Whenever a line of the records below contains the word "system", copy that line.

Dataset records:
= = =

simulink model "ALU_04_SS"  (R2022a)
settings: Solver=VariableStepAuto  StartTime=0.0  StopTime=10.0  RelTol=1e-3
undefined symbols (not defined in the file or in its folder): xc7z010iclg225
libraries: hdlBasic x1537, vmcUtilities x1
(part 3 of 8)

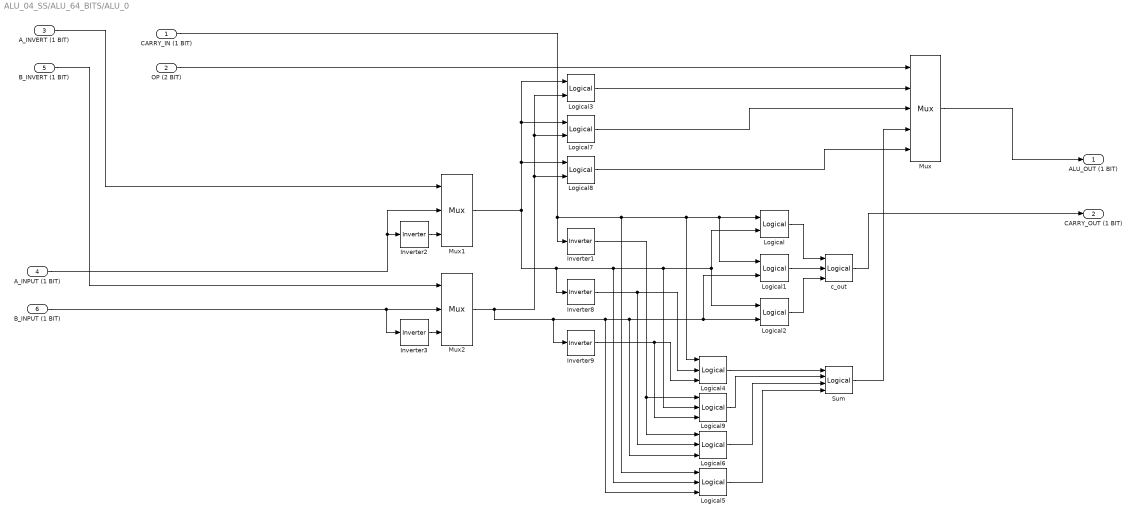
== system ALU_04_SS/ALU_64_BITS/ALU_0 ==
  CARRY_IN (1 BIT) : Inport
  OP (2 BIT) : Inport  Port=2
  A_INVERT (1 BIT) : Inport  Port=3
  A_INPUT (1 BIT) : Inport  Port=4
  B_INVERT (1 BIT) : Inport  Port=5
  B_INPUT (1 BIT) : Inport  Port=6
  Inverter{1..3,8..9} (5 alike) : hdlBasic/Inverter  en=off  latency=0  XmcBlockStatus=1  maskContainerNames=group2  block_type=inv  block_config=sysgen:Inverter_config
  Logical{,1..3} (4 alike) : hdlBasic/Logical  logical_function=AND  inputs=2  en=off  latency=0  precision=Full  arith_type=Unsigned  n_bits=16  bin_pt=0  align_bp=on  overflow=[]  quantization=[]  XmcBlockStatus=1  maskContainerNames=tabcontainer1  block_type=logical  block_config=sysgen:Logical_config
  Logical{4..6,9} (4 alike) : hdlBasic/Logical  logical_function=AND  inputs=3  en=off  latency=0  precision=Full  arith_type=Unsigned  n_bits=16  bin_pt=0  align_bp=on  overflow=[]  quantization=[]  XmcBlockStatus=1  maskContainerNames=tabcontainer1  block_type=logical  block_config=sysgen:Logical_config
  Logical7 : hdlBasic/Logical  logical_function=OR  inputs=2  en=off  latency=0  precision=Full  arith_type=Unsigned  n_bits=16  bin_pt=0  align_bp=on  overflow=[]  quantization=[]  XmcBlockStatus=1  maskContainerNames=tabcontainer1  block_type=logical  block_config=sysgen:Logical_config
  Logical8 : hdlBasic/Logical  logical_function=XOR  inputs=2  en=off  latency=0  precision=Full  arith_type=Unsigned  n_bits=16  bin_pt=0  align_bp=on  overflow=[]  quantization=[]  XmcBlockStatus=1  maskContainerNames=tabcontainer1  block_type=logical  block_config=sysgen:Logical_config
  Mux : hdlBasic/Mux  inputs=4  en=off  latency=0  precision=Full  arith_type=Unsigned  n_bits=16  bin_pt=14  quantization=Truncate  overflow=Wrap  XmcBlockStatus=1  maskContainerNames=tabcontainer1  block_type=mux  block_config=sysgen:Mux_config
  Mux1 : hdlBasic/Mux  inputs=2  en=off  latency=0  precision=Full  arith_type=Unsigned  n_bits=16  bin_pt=14  quantization=Truncate  overflow=Wrap  XmcBlockStatus=1  maskContainerNames=tabcontainer1  block_type=mux  block_config=sysgen:Mux_config
  Mux2 : hdlBasic/Mux  inputs=2  en=off  latency=0  precision=Full  arith_type=Unsigned  n_bits=16  bin_pt=14  quantization=Truncate  overflow=Wrap  XmcBlockStatus=1  maskContainerNames=tabcontainer1  block_type=mux  block_config=sysgen:Mux_config
  Sum : hdlBasic/Logical  logical_function=OR  inputs=4  en=off  latency=0  precision=Full  arith_type=Unsigned  n_bits=16  bin_pt=0  align_bp=on  overflow=[]  quantization=[]  XmcBlockStatus=1  maskContainerNames=tabcontainer1  block_type=logical  block_config=sysgen:Logical_config
  c_out : hdlBasic/Logical  logical_function=OR  inputs=3  en=off  latency=0  precision=Full  arith_type=Unsigned  n_bits=16  bin_pt=0  align_bp=on  overflow=[]  quantization=[]  XmcBlockStatus=1  maskContainerNames=tabcontainer1  block_type=logical  block_config=sysgen:Logical_config
  ALU_OUT (1 BIT) : Outport
  CARRY_OUT (1 BIT) : Outport  Port=2
  wires:
  Logical2/1 -> c_out/3
  A_INVERT (1 BIT)/1 -> Mux1/1
  c_out/1 -> CARRY_OUT (1 BIT)/1
  Sum/1 -> Mux/4
  CARRY_IN (1 BIT)/1 -> Inverter1/1, Logical5/1, Logical4/1, Logical1/1, Logical/1
  Mux2/1 -> Logical5/3, Logical6/3, Logical1/2, Logical2/2, Inverter9/1, Logical8/2, Logical3/2, Logical7/2
  B_INPUT (1 BIT)/1 -> Inverter3/1, Mux2/2
  Mux/1 -> ALU_OUT (1 BIT)/1
  Logical/1 -> c_out/1
  B_INVERT (1 BIT)/1 -> Mux2/1
  Logical6/1 -> Sum/3
  Mux1/1 -> Logical8/1, Logical7/1, Logical3/1, Inverter8/1, Logical5/2, Logical/2, Logical2/1, Logical9/2
  Logical5/1 -> Sum/4
  OP (2 BIT)/1 -> Mux/1
  Logical9/1 -> Sum/2
  Inverter1/1 -> Logical6/1, Logical9/1
  Inverter3/1 -> Mux2/3
  Inverter9/1 -> Logical9/3, Logical4/3
  A_INPUT (1 BIT)/1 -> Mux1/2, Inverter2/1
  Inverter2/1 -> Mux1/3
  Logical4/1 -> Sum/1
  Inverter8/1 -> Logical6/2, Logical4/2
  Logical3/1 -> Mux/2
  Logical7/1 -> Mux/3
  Logical1/1 -> c_out/2
  Logical8/1 -> Mux/5

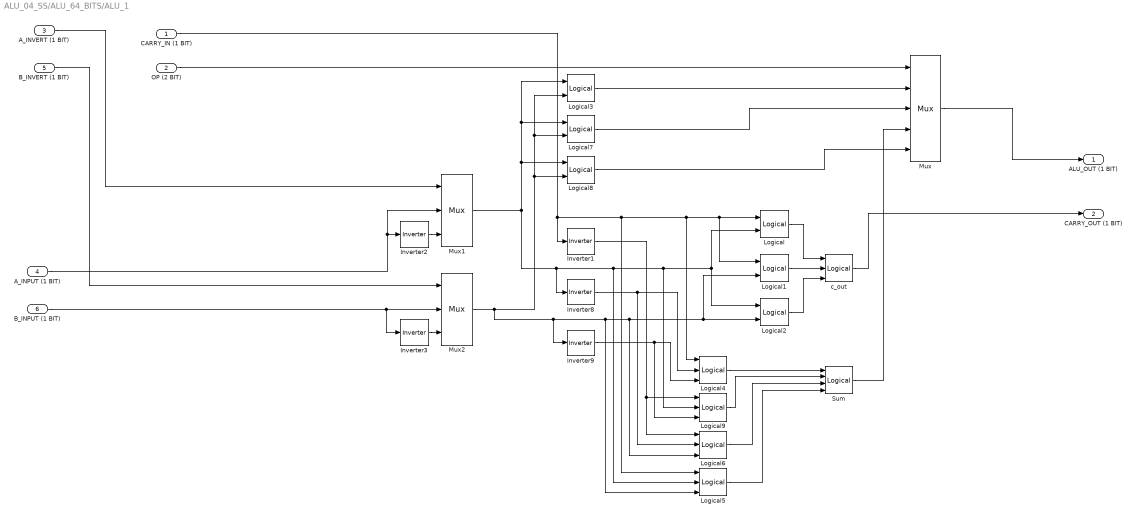
== system ALU_04_SS/ALU_64_BITS/ALU_1 ==
  CARRY_IN (1 BIT) : Inport
  OP (2 BIT) : Inport  Port=2
  A_INVERT (1 BIT) : Inport  Port=3
  A_INPUT (1 BIT) : Inport  Port=4
  B_INVERT (1 BIT) : Inport  Port=5
  B_INPUT (1 BIT) : Inport  Port=6
  Inverter{1..3,8..9} (5 alike) : hdlBasic/Inverter  en=off  latency=0  XmcBlockStatus=1  maskContainerNames=group2  block_type=inv  block_config=sysgen:Inverter_config
  Logical{,1..3} (4 alike) : hdlBasic/Logical  logical_function=AND  inputs=2  en=off  latency=0  precision=Full  arith_type=Unsigned  n_bits=16  bin_pt=0  align_bp=on  overflow=[]  quantization=[]  XmcBlockStatus=1  maskContainerNames=tabcontainer1  block_type=logical  block_config=sysgen:Logical_config
  Logical{4..6,9} (4 alike) : hdlBasic/Logical  logical_function=AND  inputs=3  en=off  latency=0  precision=Full  arith_type=Unsigned  n_bits=16  bin_pt=0  align_bp=on  overflow=[]  quantization=[]  XmcBlockStatus=1  maskContainerNames=tabcontainer1  block_type=logical  block_config=sysgen:Logical_config
  Logical7 : hdlBasic/Logical  logical_function=OR  inputs=2  en=off  latency=0  precision=Full  arith_type=Unsigned  n_bits=16  bin_pt=0  align_bp=on  overflow=[]  quantization=[]  XmcBlockStatus=1  maskContainerNames=tabcontainer1  block_type=logical  block_config=sysgen:Logical_config
  Logical8 : hdlBasic/Logical  logical_function=XOR  inputs=2  en=off  latency=0  precision=Full  arith_type=Unsigned  n_bits=16  bin_pt=0  align_bp=on  overflow=[]  quantization=[]  XmcBlockStatus=1  maskContainerNames=tabcontainer1  block_type=logical  block_config=sysgen:Logical_config
  Mux : hdlBasic/Mux  inputs=4  en=off  latency=0  precision=Full  arith_type=Unsigned  n_bits=16  bin_pt=14  quantization=Truncate  overflow=Wrap  XmcBlockStatus=1  maskContainerNames=tabcontainer1  block_type=mux  block_config=sysgen:Mux_config
  Mux1 : hdlBasic/Mux  inputs=2  en=off  latency=0  precision=Full  arith_type=Unsigned  n_bits=16  bin_pt=14  quantization=Truncate  overflow=Wrap  XmcBlockStatus=1  maskContainerNames=tabcontainer1  block_type=mux  block_config=sysgen:Mux_config
  Mux2 : hdlBasic/Mux  inputs=2  en=off  latency=0  precision=Full  arith_type=Unsigned  n_bits=16  bin_pt=14  quantization=Truncate  overflow=Wrap  XmcBlockStatus=1  maskContainerNames=tabcontainer1  block_type=mux  block_config=sysgen:Mux_config
  Sum : hdlBasic/Logical  logical_function=OR  inputs=4  en=off  latency=0  precision=Full  arith_type=Unsigned  n_bits=16  bin_pt=0  align_bp=on  overflow=[]  quantization=[]  XmcBlockStatus=1  maskContainerNames=tabcontainer1  block_type=logical  block_config=sysgen:Logical_config
  c_out : hdlBasic/Logical  logical_function=OR  inputs=3  en=off  latency=0  precision=Full  arith_type=Unsigned  n_bits=16  bin_pt=0  align_bp=on  overflow=[]  quantization=[]  XmcBlockStatus=1  maskContainerNames=tabcontainer1  block_type=logical  block_config=sysgen:Logical_config
  ALU_OUT (1 BIT) : Outport
  CARRY_OUT (1 BIT) : Outport  Port=2
  wires:
  Logical2/1 -> c_out/3
  A_INVERT (1 BIT)/1 -> Mux1/1
  c_out/1 -> CARRY_OUT (1 BIT)/1
  Sum/1 -> Mux/4
  CARRY_IN (1 BIT)/1 -> Inverter1/1, Logical5/1, Logical4/1, Logical1/1, Logical/1
  Mux2/1 -> Logical5/3, Logical6/3, Logical1/2, Logical2/2, Inverter9/1, Logical8/2, Logical3/2, Logical7/2
  B_INPUT (1 BIT)/1 -> Inverter3/1, Mux2/2
  Mux/1 -> ALU_OUT (1 BIT)/1
  Logical/1 -> c_out/1
  B_INVERT (1 BIT)/1 -> Mux2/1
  Logical6/1 -> Sum/3
  Mux1/1 -> Logical8/1, Logical7/1, Logical3/1, Inverter8/1, Logical5/2, Logical/2, Logical2/1, Logical9/2
  Logical5/1 -> Sum/4
  OP (2 BIT)/1 -> Mux/1
  Logical9/1 -> Sum/2
  Inverter1/1 -> Logical6/1, Logical9/1
  Inverter3/1 -> Mux2/3
  Inverter9/1 -> Logical9/3, Logical4/3
  A_INPUT (1 BIT)/1 -> Mux1/2, Inverter2/1
  Inverter2/1 -> Mux1/3
  Logical4/1 -> Sum/1
  Inverter8/1 -> Logical6/2, Logical4/2
  Logical3/1 -> Mux/2
  Logical7/1 -> Mux/3
  Logical1/1 -> c_out/2
  Logical8/1 -> Mux/5

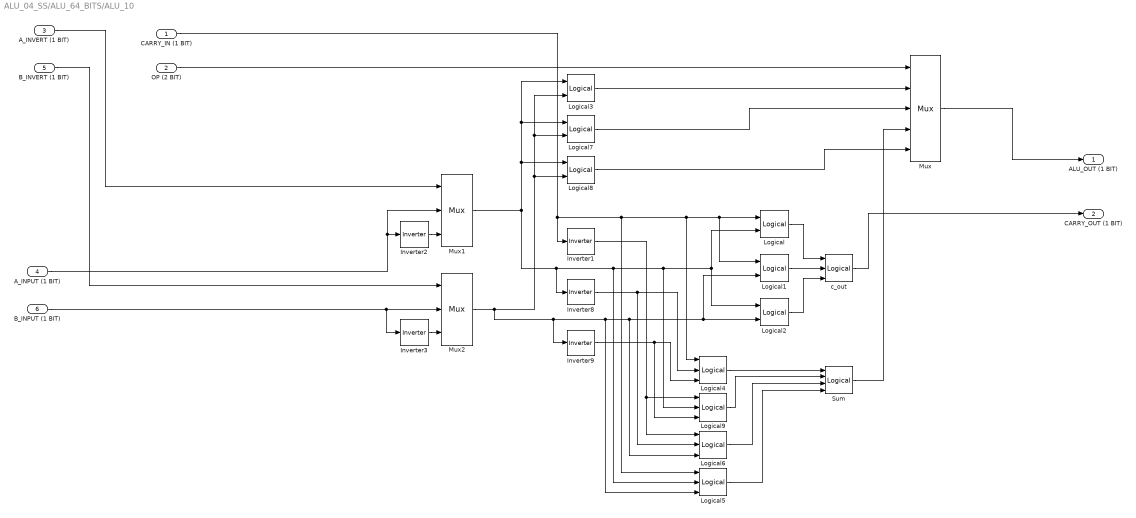
== system ALU_04_SS/ALU_64_BITS/ALU_10 ==
  CARRY_IN (1 BIT) : Inport
  OP (2 BIT) : Inport  Port=2
  A_INVERT (1 BIT) : Inport  Port=3
  A_INPUT (1 BIT) : Inport  Port=4
  B_INVERT (1 BIT) : Inport  Port=5
  B_INPUT (1 BIT) : Inport  Port=6
  Inverter{1..3,8..9} (5 alike) : hdlBasic/Inverter  en=off  latency=0  XmcBlockStatus=1  maskContainerNames=group2  block_type=inv  block_config=sysgen:Inverter_config
  Logical{,1..3} (4 alike) : hdlBasic/Logical  logical_function=AND  inputs=2  en=off  latency=0  precision=Full  arith_type=Unsigned  n_bits=16  bin_pt=0  align_bp=on  overflow=[]  quantization=[]  XmcBlockStatus=1  maskContainerNames=tabcontainer1  block_type=logical  block_config=sysgen:Logical_config
  Logical{4..6,9} (4 alike) : hdlBasic/Logical  logical_function=AND  inputs=3  en=off  latency=0  precision=Full  arith_type=Unsigned  n_bits=16  bin_pt=0  align_bp=on  overflow=[]  quantization=[]  XmcBlockStatus=1  maskContainerNames=tabcontainer1  block_type=logical  block_config=sysgen:Logical_config
  Logical7 : hdlBasic/Logical  logical_function=OR  inputs=2  en=off  latency=0  precision=Full  arith_type=Unsigned  n_bits=16  bin_pt=0  align_bp=on  overflow=[]  quantization=[]  XmcBlockStatus=1  maskContainerNames=tabcontainer1  block_type=logical  block_config=sysgen:Logical_config
  Logical8 : hdlBasic/Logical  logical_function=XOR  inputs=2  en=off  latency=0  precision=Full  arith_type=Unsigned  n_bits=16  bin_pt=0  align_bp=on  overflow=[]  quantization=[]  XmcBlockStatus=1  maskContainerNames=tabcontainer1  block_type=logical  block_config=sysgen:Logical_config
  Mux : hdlBasic/Mux  inputs=4  en=off  latency=0  precision=Full  arith_type=Unsigned  n_bits=16  bin_pt=14  quantization=Truncate  overflow=Wrap  XmcBlockStatus=1  maskContainerNames=tabcontainer1  block_type=mux  block_config=sysgen:Mux_config
  Mux1 : hdlBasic/Mux  inputs=2  en=off  latency=0  precision=Full  arith_type=Unsigned  n_bits=16  bin_pt=14  quantization=Truncate  overflow=Wrap  XmcBlockStatus=1  maskContainerNames=tabcontainer1  block_type=mux  block_config=sysgen:Mux_config
  Mux2 : hdlBasic/Mux  inputs=2  en=off  latency=0  precision=Full  arith_type=Unsigned  n_bits=16  bin_pt=14  quantization=Truncate  overflow=Wrap  XmcBlockStatus=1  maskContainerNames=tabcontainer1  block_type=mux  block_config=sysgen:Mux_config
  Sum : hdlBasic/Logical  logical_function=OR  inputs=4  en=off  latency=0  precision=Full  arith_type=Unsigned  n_bits=16  bin_pt=0  align_bp=on  overflow=[]  quantization=[]  XmcBlockStatus=1  maskContainerNames=tabcontainer1  block_type=logical  block_config=sysgen:Logical_config
  c_out : hdlBasic/Logical  logical_function=OR  inputs=3  en=off  latency=0  precision=Full  arith_type=Unsigned  n_bits=16  bin_pt=0  align_bp=on  overflow=[]  quantization=[]  XmcBlockStatus=1  maskContainerNames=tabcontainer1  block_type=logical  block_config=sysgen:Logical_config
  ALU_OUT (1 BIT) : Outport
  CARRY_OUT (1 BIT) : Outport  Port=2
  wires:
  Logical2/1 -> c_out/3
  A_INVERT (1 BIT)/1 -> Mux1/1
  c_out/1 -> CARRY_OUT (1 BIT)/1
  Sum/1 -> Mux/4
  CARRY_IN (1 BIT)/1 -> Inverter1/1, Logical5/1, Logical4/1, Logical1/1, Logical/1
  Mux2/1 -> Logical5/3, Logical6/3, Logical1/2, Logical2/2, Inverter9/1, Logical8/2, Logical3/2, Logical7/2
  B_INPUT (1 BIT)/1 -> Inverter3/1, Mux2/2
  Mux/1 -> ALU_OUT (1 BIT)/1
  Logical/1 -> c_out/1
  B_INVERT (1 BIT)/1 -> Mux2/1
  Logical6/1 -> Sum/3
  Mux1/1 -> Logical8/1, Logical7/1, Logical3/1, Inverter8/1, Logical5/2, Logical/2, Logical2/1, Logical9/2
  Logical5/1 -> Sum/4
  OP (2 BIT)/1 -> Mux/1
  Logical9/1 -> Sum/2
  Inverter1/1 -> Logical6/1, Logical9/1
  Inverter3/1 -> Mux2/3
  Inverter9/1 -> Logical9/3, Logical4/3
  A_INPUT (1 BIT)/1 -> Mux1/2, Inverter2/1
  Inverter2/1 -> Mux1/3
  Logical4/1 -> Sum/1
  Inverter8/1 -> Logical6/2, Logical4/2
  Logical3/1 -> Mux/2
  Logical7/1 -> Mux/3
  Logical1/1 -> c_out/2
  Logical8/1 -> Mux/5

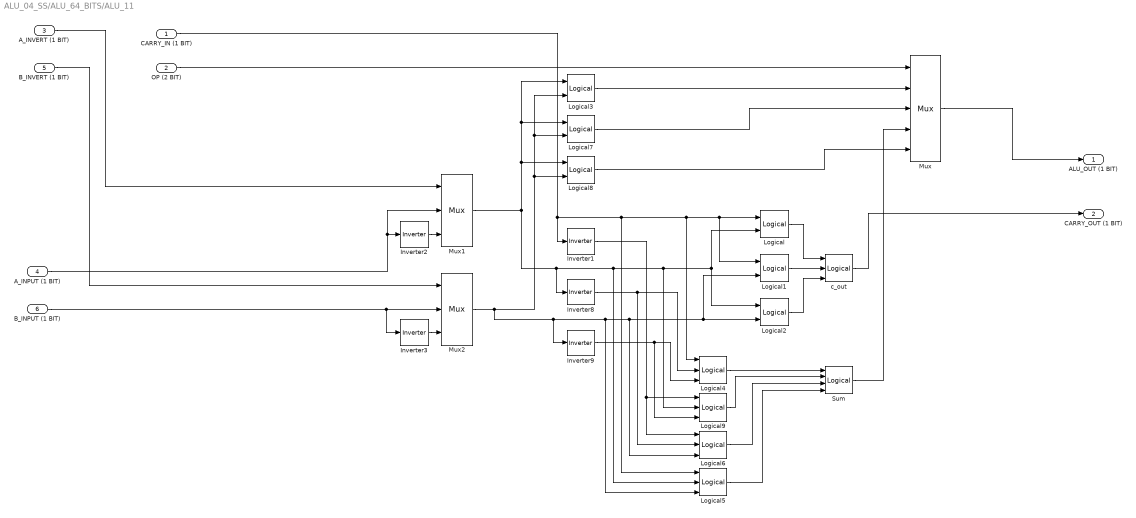
== system ALU_04_SS/ALU_64_BITS/ALU_11 ==
  CARRY_IN (1 BIT) : Inport
  OP (2 BIT) : Inport  Port=2
  A_INVERT (1 BIT) : Inport  Port=3
  A_INPUT (1 BIT) : Inport  Port=4
  B_INVERT (1 BIT) : Inport  Port=5
  B_INPUT (1 BIT) : Inport  Port=6
  Inverter{1..3,8..9} (5 alike) : hdlBasic/Inverter  en=off  latency=0  XmcBlockStatus=1  maskContainerNames=group2  block_type=inv  block_config=sysgen:Inverter_config
  Logical{,1..3} (4 alike) : hdlBasic/Logical  logical_function=AND  inputs=2  en=off  latency=0  precision=Full  arith_type=Unsigned  n_bits=16  bin_pt=0  align_bp=on  overflow=[]  quantization=[]  XmcBlockStatus=1  maskContainerNames=tabcontainer1  block_type=logical  block_config=sysgen:Logical_config
  Logical{4..6,9} (4 alike) : hdlBasic/Logical  logical_function=AND  inputs=3  en=off  latency=0  precision=Full  arith_type=Unsigned  n_bits=16  bin_pt=0  align_bp=on  overflow=[]  quantization=[]  XmcBlockStatus=1  maskContainerNames=tabcontainer1  block_type=logical  block_config=sysgen:Logical_config
  Logical7 : hdlBasic/Logical  logical_function=OR  inputs=2  en=off  latency=0  precision=Full  arith_type=Unsigned  n_bits=16  bin_pt=0  align_bp=on  overflow=[]  quantization=[]  XmcBlockStatus=1  maskContainerNames=tabcontainer1  block_type=logical  block_config=sysgen:Logical_config
  Logical8 : hdlBasic/Logical  logical_function=XOR  inputs=2  en=off  latency=0  precision=Full  arith_type=Unsigned  n_bits=16  bin_pt=0  align_bp=on  overflow=[]  quantization=[]  XmcBlockStatus=1  maskContainerNames=tabcontainer1  block_type=logical  block_config=sysgen:Logical_config
  Mux : hdlBasic/Mux  inputs=4  en=off  latency=0  precision=Full  arith_type=Unsigned  n_bits=16  bin_pt=14  quantization=Truncate  overflow=Wrap  XmcBlockStatus=1  maskContainerNames=tabcontainer1  block_type=mux  block_config=sysgen:Mux_config
  Mux1 : hdlBasic/Mux  inputs=2  en=off  latency=0  precision=Full  arith_type=Unsigned  n_bits=16  bin_pt=14  quantization=Truncate  overflow=Wrap  XmcBlockStatus=1  maskContainerNames=tabcontainer1  block_type=mux  block_config=sysgen:Mux_config
  Mux2 : hdlBasic/Mux  inputs=2  en=off  latency=0  precision=Full  arith_type=Unsigned  n_bits=16  bin_pt=14  quantization=Truncate  overflow=Wrap  XmcBlockStatus=1  maskContainerNames=tabcontainer1  block_type=mux  block_config=sysgen:Mux_config
  Sum : hdlBasic/Logical  logical_function=OR  inputs=4  en=off  latency=0  precision=Full  arith_type=Unsigned  n_bits=16  bin_pt=0  align_bp=on  overflow=[]  quantization=[]  XmcBlockStatus=1  maskContainerNames=tabcontainer1  block_type=logical  block_config=sysgen:Logical_config
  c_out : hdlBasic/Logical  logical_function=OR  inputs=3  en=off  latency=0  precision=Full  arith_type=Unsigned  n_bits=16  bin_pt=0  align_bp=on  overflow=[]  quantization=[]  XmcBlockStatus=1  maskContainerNames=tabcontainer1  block_type=logical  block_config=sysgen:Logical_config
  ALU_OUT (1 BIT) : Outport
  CARRY_OUT (1 BIT) : Outport  Port=2
  wires:
  Logical2/1 -> c_out/3
  A_INVERT (1 BIT)/1 -> Mux1/1
  c_out/1 -> CARRY_OUT (1 BIT)/1
  Sum/1 -> Mux/4
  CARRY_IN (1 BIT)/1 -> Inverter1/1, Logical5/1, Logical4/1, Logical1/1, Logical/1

= = =

Task output:
== system ALU_04_SS/ALU_64_BITS/ALU_0 ==
== system ALU_04_SS/ALU_64_BITS/ALU_1 ==
== system ALU_04_SS/ALU_64_BITS/ALU_10 ==
== system ALU_04_SS/ALU_64_BITS/ALU_11 ==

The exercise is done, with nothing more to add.